Ее мать сняла телефон с крепления и вручила его дочери.

– Пицца, – сказала она и направилась прочь из кухни. Кухня была чертовски тихая в ее отсутствие, но Эмма набрала номер и нажала кнопку, которая означала “тот же заказ как и предыдущий”. Тогда она повесила трубку и уставилась на свою собаку. Собака, с седой шерстью на морде, более четкой в кухонном свете, чем в свете уличных фонарей, уставилась на нее, виляя обрубком хвоста.

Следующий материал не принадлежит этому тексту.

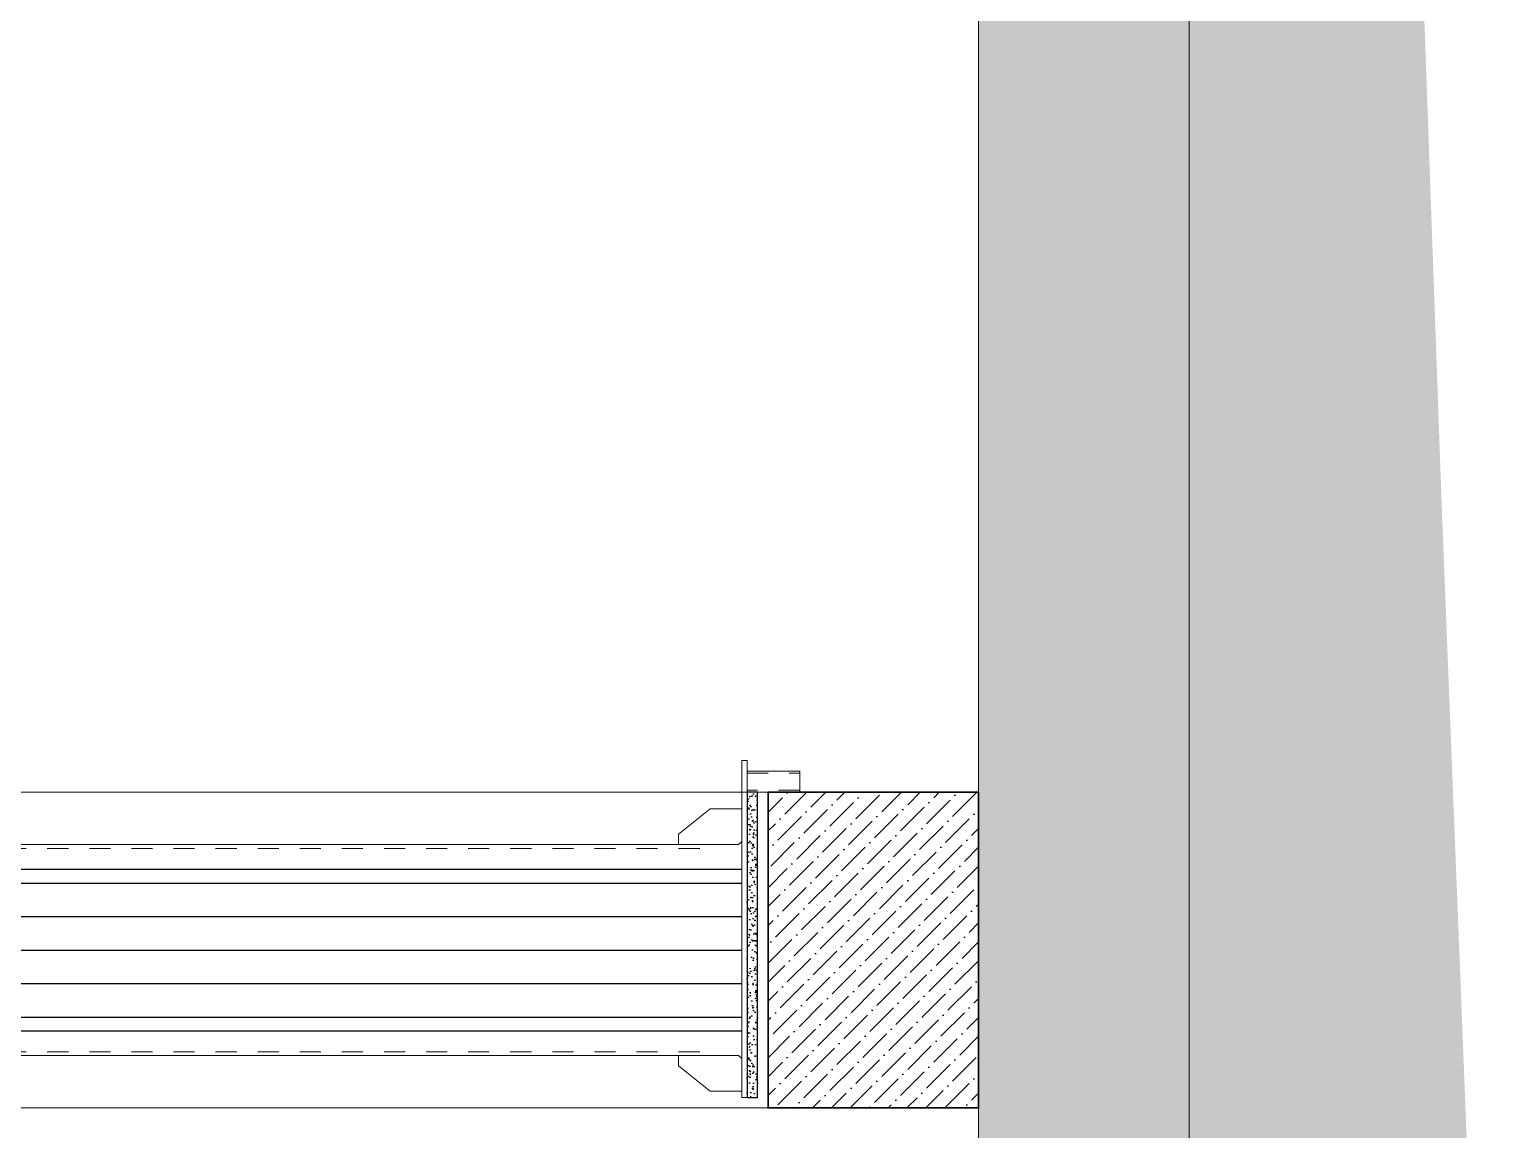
# Model space of a CAD drawing. Header units: metres. Extents: x 400488 to 400591, y 4543956 to 4544011.
# Drawn here: x 400578.33 to 400585.26, y 4543979.29 to 4543984.52 of the extents above; entities that cross this region are included whole.
import ezdxf

# ---------------------------------------------------------------- set-up
doc = ezdxf.new("R2010")
doc.units = ezdxf.units.M
for name, pattern in [('DIYAFRAM KALIP STRUT$0$CONTINU', [0]), ('DIYAFRAM KALIP STRUT$0$HIDDEN2', [4.762499999999999, 3.175, -1.5875]), ('HIDDEN', [0.375, 0.25, -0.125]), ('HIDDEN2', [4.762499999999999, 3.175, -1.5875])]:
    doc.linetypes.add(name, pattern=pattern)
doc.layers.add('C-TOPO-MAJR', color=9, linetype='Continuous')
doc.layers.add('DIYAFRAM KALIP STRUT$0$st_s_donatı', color=7, linetype='Continuous')
for name, color, linetype, lineweight in [('DIYAFRAM KALIP STRUT$0$PRT-KD-kazik', 172, 'Continuous', 25), ('DIYAFRAM KALIP STRUT$0$PRT_NeighbourPartMark', 4, 'Continuous', 0), ('DIYAFRAM KALIP STRUT$0$PRT_Part', 8, 'Continuous', 0), ('GD_1', 240, 'Continuous', 5), ('GD_A_BACK-1', 252, 'HIDDEN2', 9), ('GD_CARPENTERIA', 4, 'Continuous', 9), ('GD_RETINI', 240, 'Continuous', 5), ('PRT-KD-beton 30', 6, 'Continuous', 30), ('Sev-uzun', 100, 'Continuous', 5)]:
    doc.layers.add(name, color=color, linetype=linetype, lineweight=lineweight)

# ---------------------------------------------------------------- blocks, each defined once
blk = doc.blocks.new('A$C763774D8')
at = {"layer": 'DIYAFRAM KALIP STRUT$0$st_s_donatı', "linetype": 'DIYAFRAM KALIP STRUT$0$CONTINU'}
h = blk.add_hatch(dxfattribs=at)
h.set_pattern_fill('AR-CONC', color=8, angle=-45.00021432487488)
h.set_pattern_definition([(4.99978567512513, (126611.9466390857, -83455.49830381107), (4.628050156321009, -5.515537303791089), [0.75, -8.25]), (309.9997856751251, (126611.9466390857, -83455.49830381107), (4.337705061907767, 6.2999054480092), [0.6, -6.6]), (55.45123013512513, (126612.3323099299, -83455.95793190878), (8.965755147451283, 0.7843681054113238), [0.63740192, -7.01142112]), (1.183985675125131, (126613.3608579382, -83454.0840955386), (6.376105154886244, -8.71695773045973), [1.124999999999992, -12.37499999999994]), (51.63542116512514, (126613.8921995666, -83454.81050868984), (13.49711772546533, 0.2789501955184397), [0.95610342, -10.5171376]), (306.1839496651252, (126613.3608579382, -83454.0840955386), (13.49711771751734, 0.2789501963309), [0.9, -9.90000001]), (335.9997856751252, (126613.7144073612, -83455.14475703333), (1.373798326642453, -7.067720860125165), [0.75, -8.25]), (280.9997856751252, (126613.7144073612, -83455.14475703333), (6.848097098740014, 3.407060314139575), [0.6, -6.6]), (26.45123041512512, (126613.8288905542, -83455.73373376764), (8.221895362554536, -3.660660505433404), [0.6374019000000001, -7.01142112]), (352.4997856751252, (126611.9466390857, -83455.49830381107), (2.439906659703786, 2.26792272618207), [0, -6.52, 0, -6.7, 0, -6.625]), (322.4997856751251, (126611.9466390857, -83455.49830381107), (4.649097973045793, 0.9287120312677684), [0, -3.82, 0, -6.37, 0, -2.525]), (282.4997856751251, (126610.3697968622, -83453.92144979071), (3.615192901629324, -3.934195196480337), [0, -2.5, 0, -7.8, 0, -10.35]), (272.4997856751251, (126609.6626927259, -83453.21434036456), (4.831585290935486, -3.41591790539759), [0, -3.249999999999984, 0, -5.179999999999968, 0, -7.349999999999968])])
h.paths.add_polyline_path([(2040.000000120839, 0), (2034.999983730027, 6.51925802230835e-09), (2034.99998373515, -145.0000001937151), (2040.000000125961, -145.0000002011657)])
at = {"layer": 'C-TOPO-MAJR', "color": 252, "flags": 128}
for points in [[(42.50003400439164, -36.59009730257094), (2032.499966376578, -36.59009730257094)], [(42.50003400415881, -43.18019472621381), (2032.49996637681, -43.18019472621381)], [(42.50003400363494, -59.09009730257094), (2032.499966377334, -59.09009730257094)], [(42.50003400311107, -74.99999987520278), (2032.4999663778, -74.99999987985939)], [(42.50003400311107, -74.99999987520278), (2032.4999663778, -74.99999987985939)], [(42.50003400363494, -90.90990245621651), (2032.499966377334, -90.90990245621651)], [(42.50003400415881, -106.8198050325736), (2032.49996637681, -106.8198050325736)], [(42.50003400439164, -113.4099024562165), (2032.499966376578, -113.4099024562165)]]:
    blk.add_lwpolyline(points, dxfattribs=at)
at = {"layer": 'DIYAFRAM KALIP STRUT$0$PRT-KD-kazik', "color": 252}
blk.add_lwpolyline([(2040.000000120839, 0), (2034.999983730027, 6.51925802230835e-09), (2034.99998373515, -145.0000001937151), (2040.000000125961, -145.0000002011657)], close=True, dxfattribs=at)
at = {"layer": 'DIYAFRAM KALIP STRUT$0$PRT_NeighbourPartMark', "linetype": 'DIYAFRAM KALIP STRUT$0$HIDDEN2'}
blk.add_line((2059.999609666294, 10.00000000093132), (2034.999655389576, 10.00000000093132), dxfattribs=at)
at = {"layer": 'DIYAFRAM KALIP STRUT$0$PRT_Part', "color": 2, "linetype": 'Continuous'}
for p, q in [((2059.999905957724, 10.00000000093132), (2035.000000120839, 10.00000000093132)), ((2059.999956897809, 10.00000000093132), (2059.999956897809, 9.313225746154785e-10)), ((2059.999905957724, 9.313225746154785e-10), (2035.000000120839, 9.313225746154785e-10)), ((42.50003400322748, -24.91999987512827), (2017.499951879901, -24.91999987512827)), ((42.5000340063707, -125.079999874346), (2017.499951882986, -125.079999874346))]:
    blk.add_line(p, q, dxfattribs=at)
blk.add_lwpolyline([(2034.999966374948, 14.99999978672713), (2032.499966374948, 14.99999978672713), (2032.49996638007, -145.0000001974404), (2034.99996638007, -145.0000001974404)], close=True, dxfattribs=at)
for points in [[(2017.499996975588, -7.919998838566244), (2032.499998725078, -7.920000910758972), (2032.499996583792, -23.41999987512827), (2030.999997910811, -24.91999987512827), (2002.49999606132, -24.91999987512827), (2002.499997910811, -19.91999987512827), (2017.499996975588, -7.919998838566244)], [(2017.499982939393, -142.080000910908), (2032.499984688882, -142.0799988387153), (2032.499982547597, -126.579999874346), (2030.999983874615, -125.079999874346), (2002.499982025125, -125.079999874346), (2002.499983874615, -130.079999874346), (2017.499982939393, -142.080000910908)]]:
    blk.add_lwpolyline(points, dxfattribs=at)
at = {"layer": 'GD_1', "linetype": 'HIDDEN'}
for p, q in [((2034.999549963395, 9.000000000931323), (2059.999496552278, 9.000000000931323)), ((2034.999660483445, 9.000000000931323), (2059.999604572426, 9.000000000931323)), ((2034.999954274739, 9.000000000931323), (2059.999900863622, 9.000000000931323)), ((2059.999496552278, 1.000000000931323), (2034.999549963395, 1.000000000931323)), ((2059.999604572426, 1.000000000931323), (2034.999660483445, 1.000000000931323)), ((2059.999900863622, 1.000000000931323), (2034.999954274739, 1.000000000931323))]:
    blk.add_line(p, q, dxfattribs=at)
at = {"layer": 'GD_1', "linetype": 'HIDDEN', "ltscale": 3}
for p, q in [((42.50003400316928, -26.66999963764101), (2017.499951879901, -26.66999963764101)), ((42.50003400299465, -123.3300001081079), (2017.499951886362, -123.3300001081079))]:
    blk.add_line(p, q, dxfattribs=at)

msp = doc.modelspace()

# ---------------------------------------------------------------- hatches: boundary and pattern name
h = msp.add_hatch(color=256)
h.dxf.hatch_style = 1
h.set_gradient(color1=(91, 91, 91), one_color=1, tint=1, name='CYLINDER')
h.paths.add_polyline_path([(400583.8420022455, 4543980.248906582), (400582.8420022453, 4543980.248906582), (400582.8420022453, 4543987.048906581), (400583.8420022455, 4543987.048906581)])
h = msp.add_hatch()
h.set_pattern_fill('ANSI36', color=252, scale=0.02, angle=-2.544443745170813e-14)
h.set_pattern_definition([(44.99999999999994, (396885.737902443, 4498110.45418224), (0.03367596045400941, 0.1234785216647009), [0.15875, -0.03174999999999999, 0, -0.03174999999999999])])
h.paths.add_polyline_path([(400582.8420022455, 4543980.89890647), (400581.8420022454, 4543980.89890647), (400581.8420022454, 4543979.39890647), (400582.8420022455, 4543979.39890647)])
h = msp.add_hatch(color=256)
h.dxf.hatch_style = 1
h.set_gradient(color1=(91, 91, 91), one_color=1, tint=1, name='CYLINDER')
h.paths.add_polyline_path([(400583.8420022455, 4543973.448906582), (400582.8420022453, 4543973.448906582), (400582.8420022453, 4543980.248906582), (400583.8420022455, 4543980.248906582)])
at = {"layer": 'GD_RETINI', "ltscale": 5}
h = msp.add_hatch(dxfattribs=at)
h.set_pattern_fill('EARTH', color=34, scale=0.1, angle=45)
h.set_pattern_definition([(45, (396526.6472198765, 4498698.506840579), (7.105427357601003e-17, 0.8980256121069152), [0.6350000000000002, -0.6350000000000002]), (45, (396526.4788400743, 4498698.675220381), (7.105427357601003e-17, 0.8980256121069152), [0.6350000000000002, -0.6350000000000002]), (45, (396526.310460272, 4498698.843600184), (7.105427357601003e-17, 0.8980256121069152), [0.6350000000000002, -0.6350000000000002]), (135, (396526.310460272, 4498698.955853385), (-0.8980256121069152, 7.105427357601003e-17), [0.6350000000000001, -0.6350000000000001]), (135, (396526.4788400743, 4498699.124233188), (-0.8980256121069152, 7.105427357601003e-17), [0.6350000000000001, -0.6350000000000001]), (135, (396526.6472198765, 4498699.29261299), (-0.8980256121069152, 7.105427357601003e-17), [0.6350000000000001, -0.6350000000000001])])
h.paths.add_polyline_path([(400560.7420022455, 4543967.823943598), (400560.742002246, 4543975.238906581), (400582.7420022455, 4543975.238906581), (400582.8420022455, 4543967.648906587), (400583.8420022455, 4543967.648906587), (400583.8420022455, 4544000.648906581), (400585.2618111278, 4544000.648906587), (400585.0723013741, 4544000.04925572), (400584.8396472539, 4543998.022319124), (400584.7987404183, 4543995.859386738), (400584.8149923282, 4543994.284109406), (400585.0425050371, 4543991.89683539), (400585.1171642205, 4543986.844671512), (400584.9532633243, 4543984.76460385), (400585.0429329036, 4543982.255603788), (400585.1747999318, 4543978.91189148), (400585.1248307451, 4543975.090662588), (400584.5129396773, 4543972.829684099), (400584.7598536735, 4543970.578929498), (400584.4640717205, 4543966.682603627), (400581.5331236059, 4543966.763219396), (400580.3499887802, 4543969.853406412), (400581.3448974515, 4543973.749728516), (400575.7420022455, 4543973.749728516), (400572.7420022455, 4543973.749728516), (400568.3131804704, 4543974.171484604), (400567.7420022455, 4543974.171484604), (400563.7420022455, 4543974.171484604), (400562.4076979798, 4543969.671271279), (400562.6880486847, 4543966.946985678), (400559.3042495553, 4543966.267289266), (400559.1259975984, 4543967.538599945), (400559.7420022452, 4543967.823943598)])

# ---------------------------------------------------------------- linework, layer by layer
at = {"layer": 'GD_A_BACK-1', "color": 253, "ltscale": 5}
for p, q in [((400578.3451003096, 4544000.648906582), (400578.3451003096, 4543967.648906582)), ((400578.4451003096, 4544000.648906587), (400578.4451003096, 4543967.648906587)), ((400578.4451003096, 4544000.648906587), (400578.4451003096, 4543967.648906587)), ((400579.4451003096, 4544000.648906587), (400579.4451003096, 4543967.648906587)), ((400579.4451003096, 4544000.648906587), (400579.4451003096, 4543967.648906587)), ((400579.5451003096, 4544000.648906582), (400579.5451003096, 4543967.648906582)), ((400580.5451003096, 4544000.648906582), (400580.5451003096, 4543967.648906582)), ((400580.6451003096, 4544000.648906582), (400580.6451003096, 4543967.648906582)), ((400581.6451003096, 4544000.648906582), (400581.6451003096, 4543967.648906582)), ((400581.7451003096, 4544000.648906582), (400581.7451003096, 4543967.648906582)), ((400582.7451003096, 4544000.648906582), (400582.7451003096, 4543967.648906582))]:
    msp.add_line(p, q, dxfattribs=at)
at = {"layer": 'GD_CARPENTERIA', "ltscale": 5}
msp.add_lwpolyline([(400583.8420022455, 4544000.648906587), (400583.8420022455, 4543967.648906587), (400582.8420022455, 4543967.648906587), (400582.8420022455, 4544000.648906581)], close=True, dxfattribs=at)
at = {"layer": 'PRT-KD-beton 30', "color": 4, "ltscale": 5}
msp.add_lwpolyline([(400582.8420022455, 4543980.89890647), (400581.8420022454, 4543980.89890647), (400581.8420022454, 4543979.39890647), (400582.8420022455, 4543979.39890647)], close=True, dxfattribs=at)
at = {"layer": 'Sev-uzun', "color": 252, "ltscale": 5}
msp.add_lwpolyline([(400561.7420022461, 4543980.89890647), (400581.8420022454, 4543980.89890647), (400581.8420022454, 4543979.39890647), (400561.7420022461, 4543979.39890647)], close=True, dxfattribs=at)

# ---------------------------------------------------------------- block references
at = {"layer": 'GD_1', "xscale": 0.01, "yscale": 0.01, "zscale": 0.01}
msp.add_blockref('A$C763774D8', (400561.3920025817, 4543980.89890647), dxfattribs=at)

doc.saveas('drawing.dxf')

Она снова извинилась, вероятно, он подумал, что она имела в виду: "Я буду кормить тебя." С другой стороны, она выложила из банки еду в его тарелку, и наполнила его миску водой. Она даже вывела его во двор ненадолго, она не гуляла с ним вообще сегодня, но она знала, что сегодня была не та ночь, чтобы сделать это. С заднего двора, она видела свет в окнах спальни ее матери, она также видела силуэт матери за шторой. Мэрси стояла, просто стояла в комнате.

Эмма задумалась, наблюдала она за нею или за Лепестком. Она немного сомневалась.

Когда Эмма была взволнована, она часто затевала уборку, и бог свидетель – кухня вполне подходила для этого. Она принялась убирать тарелки, второй дом которых был на полке для сушки. У нее была домашняя работа, но большую часть из нее она прочитала, и как все нерешительные люди, она знала, что уборка все еще считалась работой, поэтому, она могла и не делать домашнюю работу и чувствовала, что она совершила что-то.

Но когда дверной звонок зазвонил, Мерси спустилась вниз по лестнице, чтобы ответить, она заплатила за пиццу и принесла ее в кухню. Она выглядела усталой, но решительной, и у нее была улыбка на лице. – Я сожалею, Эм, – сказала она. – Я не знаю, что произошло со мной там. Стрессовая работа.

Эмма приняла это. Она обычно спрашивала, что вызвало напряжение, но она в действительности не любила слушать свою мать, лгать, поэтому, она сдержала вопрос в себе и кивнула вместо этого. Она также получила тарелки, салфетки и стаканчики, потому что ее мать не любила пить из банок.

Они взяли все в гостиную, в то время как Лепесток шел между ними.

Коробка с пиццей была приостановлена в воздухе, выше него, конечно. Он очень хорошо научился пытаться есть из коробки, когда они ставили ее на стол в кабинете. Он не был, однако, слишком хорошо обучен, чтобы сидеть перед ними и просить, и у него были обычные влажные глаза щенка, даже в его девять лет.

Эмма покормила его своими корками.

Он запрыгнул на кушетку около нее и втиснулся между подлокотником и ее рукой, что в действительности означало, между подлокотником и половиной ее коленей; ей пришлось есть на его голову.

Ее матери не нравится есть с включенным телевизором, но даже она не смогла выдержать неловкое молчание, сдалась и взяла в руки пульт. Они провели свой ужин, щелкая по каналам.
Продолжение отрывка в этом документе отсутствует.